# It's finally coming!!!



## sonex305 (Jun 17, 2007)

Just got word that my Immortal Force will be shipping next week!:9:

I can't wait. Almost 2 months now I have been checking the status and waiting ever so impatiently. For those that are waiting with me, it's almost over!!!


----------



## razorback4life (Jun 19, 2007)

I agree!
I just recieved the email! I hope the wait will be worth it!


----------



## sonex305 (Jun 17, 2007)

Well, mine came today! All is well and it is awesome! Already put it together and have it at the bike shop to be tuned up. Can't wait to take it out for a nice long ride.


----------



## Oversane (Mar 31, 2007)

That's good news. And weigh it too, if you can. Sure would like to know what those things weigh stock.


----------



## razorback4life (Jun 19, 2007)

*The Immortal Force is Here*

I received my Immortal Force last Friday. I was very skeptical of ordering a Motobecane because of all the fires in the forums. But, I decided to take a chance. I could not find too many issues with the bikes themselves mostly with people that should probably buy their bikes at a LBS, or have them serviced at a LBS. I have built 2 bikes prior from the frame up which included lacing the wheels, so I'm confident that I can maintain my bike. I even bought a torque wrench to properly tighten the carbon components. 

Once I received the bike, I looked it over to make sure every thing look ok. I could not find any scratches and the bike was exactly as specified except for the headset. FSA instead of Cane Creek. Which did not bother me too much. I took about an 1-1/2hr to put the bike together, I checked to make sure everything was torqued properly and adjusted the shifters, brakes.... The wheels were true and tight so no problems there. A couple of things that I noticed were the shifter/brake levers were mounted kinda high on the bar and they wrapped the bar tape around the levers in a weird way. It caused the hoods to bulge out a little more then normal? 

Took it for a 30mi ride the next day (it was raining the day it came in). I was very impressed with the ride; the carbon rides like a dream. It dampens the road noise, but when you push on the pedals it will take off. I ride ~20 mi a day so this seams to be a good every day rider. I have about 150mi on the bike and no complaints. I ditched the seat after the first day and ordered some new bar tape to adjust the brake lever locations and fix the bar tape job. 

I was supposed to get an email confirming when the ship date from BD was and tracking number after the 1st email to let everyone know that the bikes had arrived at BD. But I never received one; I still got the bike, a week late. The web site did say approx ship date. I'm still very happy with my purchase; you just can't beat the price.

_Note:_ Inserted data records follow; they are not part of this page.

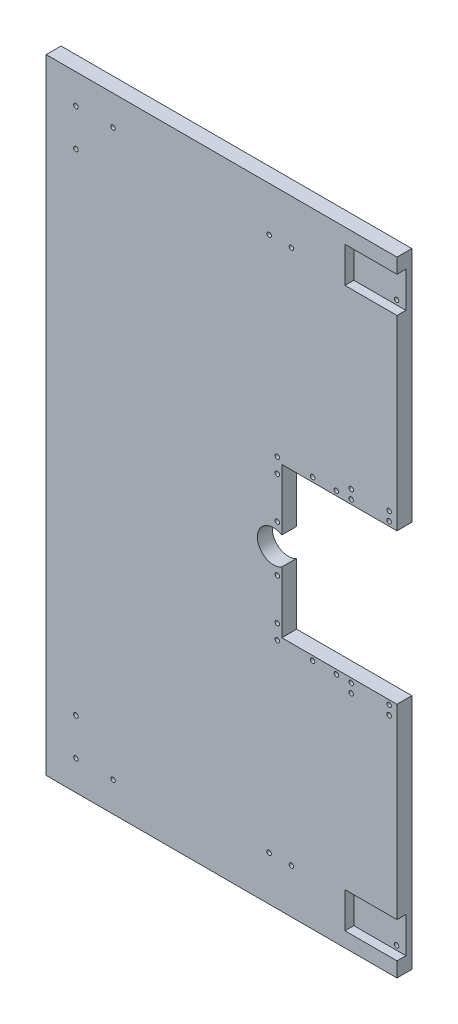
SolidWorks part; units mm, degrees
ref_plane "前视基准面" through (0, 0, 0) normal (0, 0, 1) x (1, 0, 0)
ref_plane "上视基准面" through (0, 0, 0) normal (0, 1, 0) x (1, 0, 0)
ref_plane "右视基准面" through (0, 0, 0) normal (1, 0, 0) x (0, 0, -1)
sketch "草图1" plane through (0, 0, 0) normal (0, 0, 1) x (1, 0, 0)
  line L1 (-118, 210) -> (118, 210)
  line L2 (-118, 210) -> (-118, -210)
  line L3 (-118, -210) -> (118, -210)
  line L4 (118, 210) -> (118, 50.5)
  line L5 (-118, 210) -> (118, -210) construction
  line L6 (-118, -210) -> (118, 210) construction
  line L7 (118, -50.5) -> (40.5, -50.5)
  line L12 (40.5, -9.3341) -> (40.5, -50.5)
  line L14 (118, -50.5) -> (118, -210)
  line L17 (40.5, 50.5) -> (118, 50.5)
  line L22 (0, 0) -> (61, 0) construction
  line L24 (79, 0) -> (133.002, 0) construction
  line L59 (40.5, 9.3341) -> (40.5, 50.5)
  arc A23 (40.5, 9.3341) -> (40.8223, -9.135) centre (34.956, 0) ccw
  point P0 (0, 0)
  point P9 (118, 0)
  dimension "D3" = 77.5
  dimension "D4" = 77.5
  dimension "D1" = 236
  dimension "D2" = 420
extrude "凸台-拉伸1" add sketch "草图1" along normal blind 10
sketch "草图2" plane through (0, 0, 10) normal (0, 0, 1) x (1, 0, 0)
  line L0 (-118, 210) -> (-118, -210) construction
  line L2 (-98, 165) -> (-98, 190) construction
  line L3 (-98, 190) -> (-73, 190) construction
  line L5 (-98, 165) -> (-73, 190) construction
  line L7 (-118, 210) -> (118, 210) construction
  circle A0 centre (-98, 165) radius 1.5
  circle A1 centre (-73, 190) radius 1.5
  circle A2 centre (-98, 190) radius 1.5
  point P0 (-86.9005, 176.0995)
  dimension "D1" = 25
  dimension "D2" = 25
  dimension "D3" = 20
  dimension "D4" = 20
extrude "切除-拉伸1" cut sketch "草图2" against normal blind 10
sketch "草图3" plane through (0, 0, 10) normal (0, 0, 1) x (1, 0, 0)
  line L1 (40.5, -9.3341) -> (40.5, -50.5) construction
  line L2 (40.5, -9.3341) -> (40.5, -50.5) construction
  line L3 (0, 0) -> (125.1957, 0) construction
  line L4 (112.73, -53.5) -> (112.73, -59.5) construction
  line L5 (112.73, -59.5) -> (87.23, -59.5) construction
  line L6 (87.23, -59.5) -> (87.23, -53.5) construction
  line L7 (87.23, -53.5) -> (77.23, -53.5) construction
  line L8 (77.23, -53.5) -> (61.23, -53.5) construction
  line L9 (61.23, -53.5) -> (37.5, -53.5) construction
  line L10 (37.5, -53.5) -> (37.5, -43.5) construction
  line L11 (87.23, -53.5) -> (112.73, -53.5) construction
  line L12 (118, -50.5) -> (40.5, -50.5) construction
  line L13 (118, -50.5) -> (118, -210) construction
  circle A1 centre (37.5, -15.6728) radius 1.5
  circle A2 centre (112.73, -53.5) radius 1.5
  circle A3 centre (112.73, -59.5) radius 1.5
  circle A4 centre (87.23, -53.5) radius 1.5
  circle A5 centre (87.23, -59.5) radius 1.5
  circle A6 centre (77.23, -53.5) radius 1.5
  circle A7 centre (61.23, -53.5) radius 1.5
  circle A8 centre (37.5, -53.5) radius 1.5
  circle A9 centre (37.5, -43.5) radius 1.5
  dimension "D2" = 3
  dimension "D4" = 3
  dimension "D5" = 3
  dimension "D6" = 3
  dimension "D7" = 3
  dimension "D8" = 3
  dimension "D9" = 3
  dimension "D10" = 3
  dimension "D11" = 3
  dimension "D3" = 3
  dimension "D12" = 3
  dimension "D13" = 5.27
  dimension "D14" = 25.5
  dimension "D15" = 10
  dimension "D16" = 6
  dimension "D17" = 16
  dimension "D18" = 3
  dimension "D19" = 10
extrude "切除-拉伸2" cut sketch "草图3" against normal blind 10
mirror "镜向1" about plane through (0, 0, 0) normal (0, 1, 0) of "切除-拉伸2"
mirror "镜向2" about plane through (0, 0, 0) normal (0, 1, 0) of "切除-拉伸1"
sketch "草图4" plane through (0, 0, 10) normal (0, 0, 1) x (1, 0, 0)
  line L0 (32, 180) -> (47, 180) construction
  line L1 (-118, 210) -> (118, 210) construction
  line L2 (-118, 210) -> (-118, -210) construction
  circle A0 centre (32, 180) radius 1.5
  circle A1 centre (47, 180) radius 1.5
  dimension "D1" = 3
  dimension "D2" = 3
  dimension "D3" = 30
  dimension "D4" = 150
  dimension "D5" = 15
extrude "切除-拉伸3" cut sketch "草图4" against normal blind 10
mirror "镜向3" about plane through (0, 0, 0) normal (0, 1, 0) of "切除-拉伸3"
sketch "草图5" plane through (0, 0, 10) normal (0, 0, 1) x (1, 0, 0)
  line L0 (118, -50.5) -> (118, -210) construction
  line L1 (83, -176) -> (118, -176)
  line L2 (83, -176) -> (83, -200)
  line L3 (83, -200) -> (118, -200)
  line L4 (118, -176) -> (118, -200)
  line L5 (-118, -210) -> (118, -210) construction
  line L6 (100.5, -176) -> (100.5, -200) construction
  dimension "D1" = 35
  dimension "D2" = 24
  dimension "D3" = 10
extrude "切除-拉伸4" cut sketch "草图5" against normal blind 6
sketch "草图6" plane through (0, 0, 4) normal (0, 0, 1) x (1, 0, 0)
  line L0 (111.75, -179) -> (111.75, -197) construction
  line L1 (118, -176) -> (83, -176) construction
  line L3 (83, -200) -> (118, -200) construction
  line L4 (118, -200) -> (118, -176) construction
  circle A0 centre (111.75, -179) radius 1.5
  circle A1 centre (111.75, -197) radius 1.5
  dimension "D1" = 3
  dimension "D2" = 3
  dimension "D3" = 3
  dimension "D4" = 3
  dimension "D5" = 6.25
extrude "切除-拉伸5" cut sketch "草图6" against normal through all
mirror "镜向4" about plane through (0, 0, 0) normal (0, 1, 0) of "切除-拉伸5", "切除-拉伸4"

PS Not a shill, just a guy looking for a good deal for the money.


----------



## California L33 (Jan 20, 2006)

razorback4life said:


> I received my Immortal Force last Friday. I was very skeptical of ordering a Motobecane because of all the fires in the forums. But, I decided to take a chance. I could not find too many issues with the bikes themselves mostly with people that should probably buy their bikes at a LBS, or have them serviced at a LBS. I have built 2 bikes prior from the frame up which included lacing the wheels, so I'm confident that I can maintain my bike. I even bought a torque wrench to properly tighten the carbon components.
> 
> Once I received the bike, I looked it over to make sure every thing look ok. I could not find any scratches and the bike was exactly as specified except for the headset. FSA instead of Cane Creek. Which did not bother me too much. I took about an 1-1/2hr to put the bike together, I checked to make sure everything was torqued properly and adjusted the shifters, brakes.... The wheels were true and tight so no problems there. A couple of things that I noticed were the shifter/brake levers were mounted kinda high on the bar and they wrapped the bar tape around the levers in a weird way. It caused the hoods to bulge out a little more then normal?
> 
> ...


I'm glad you like your bike. They're well speced for the money, but it seems like there's a fair amount of part substitution going on in Motobecane, at least from the last couple of posts I've seen. I hope you'll post a review when you've got a few thousand miles on it. I also see you've only got a couple of posts. I hope you'll stick around and join in on some of the other forums.


----------



## vpkb (Jul 30, 2007)

I am almost ready to buy from BD, but now have a question. I'm interested in the Immortal Force too, why did you have to wait 2 months? I need a bike by the latest mid september, this could make or brake my decision to buy.


----------



## sonex305 (Jun 17, 2007)

I had to wait 2 months since I pre-ordered before they came in. I just looked at BD's website and they are currently in stock. If you ordered it this weekend, you should have it by the end of the week. It's an awesome bike and you won't be dissapointed.


----------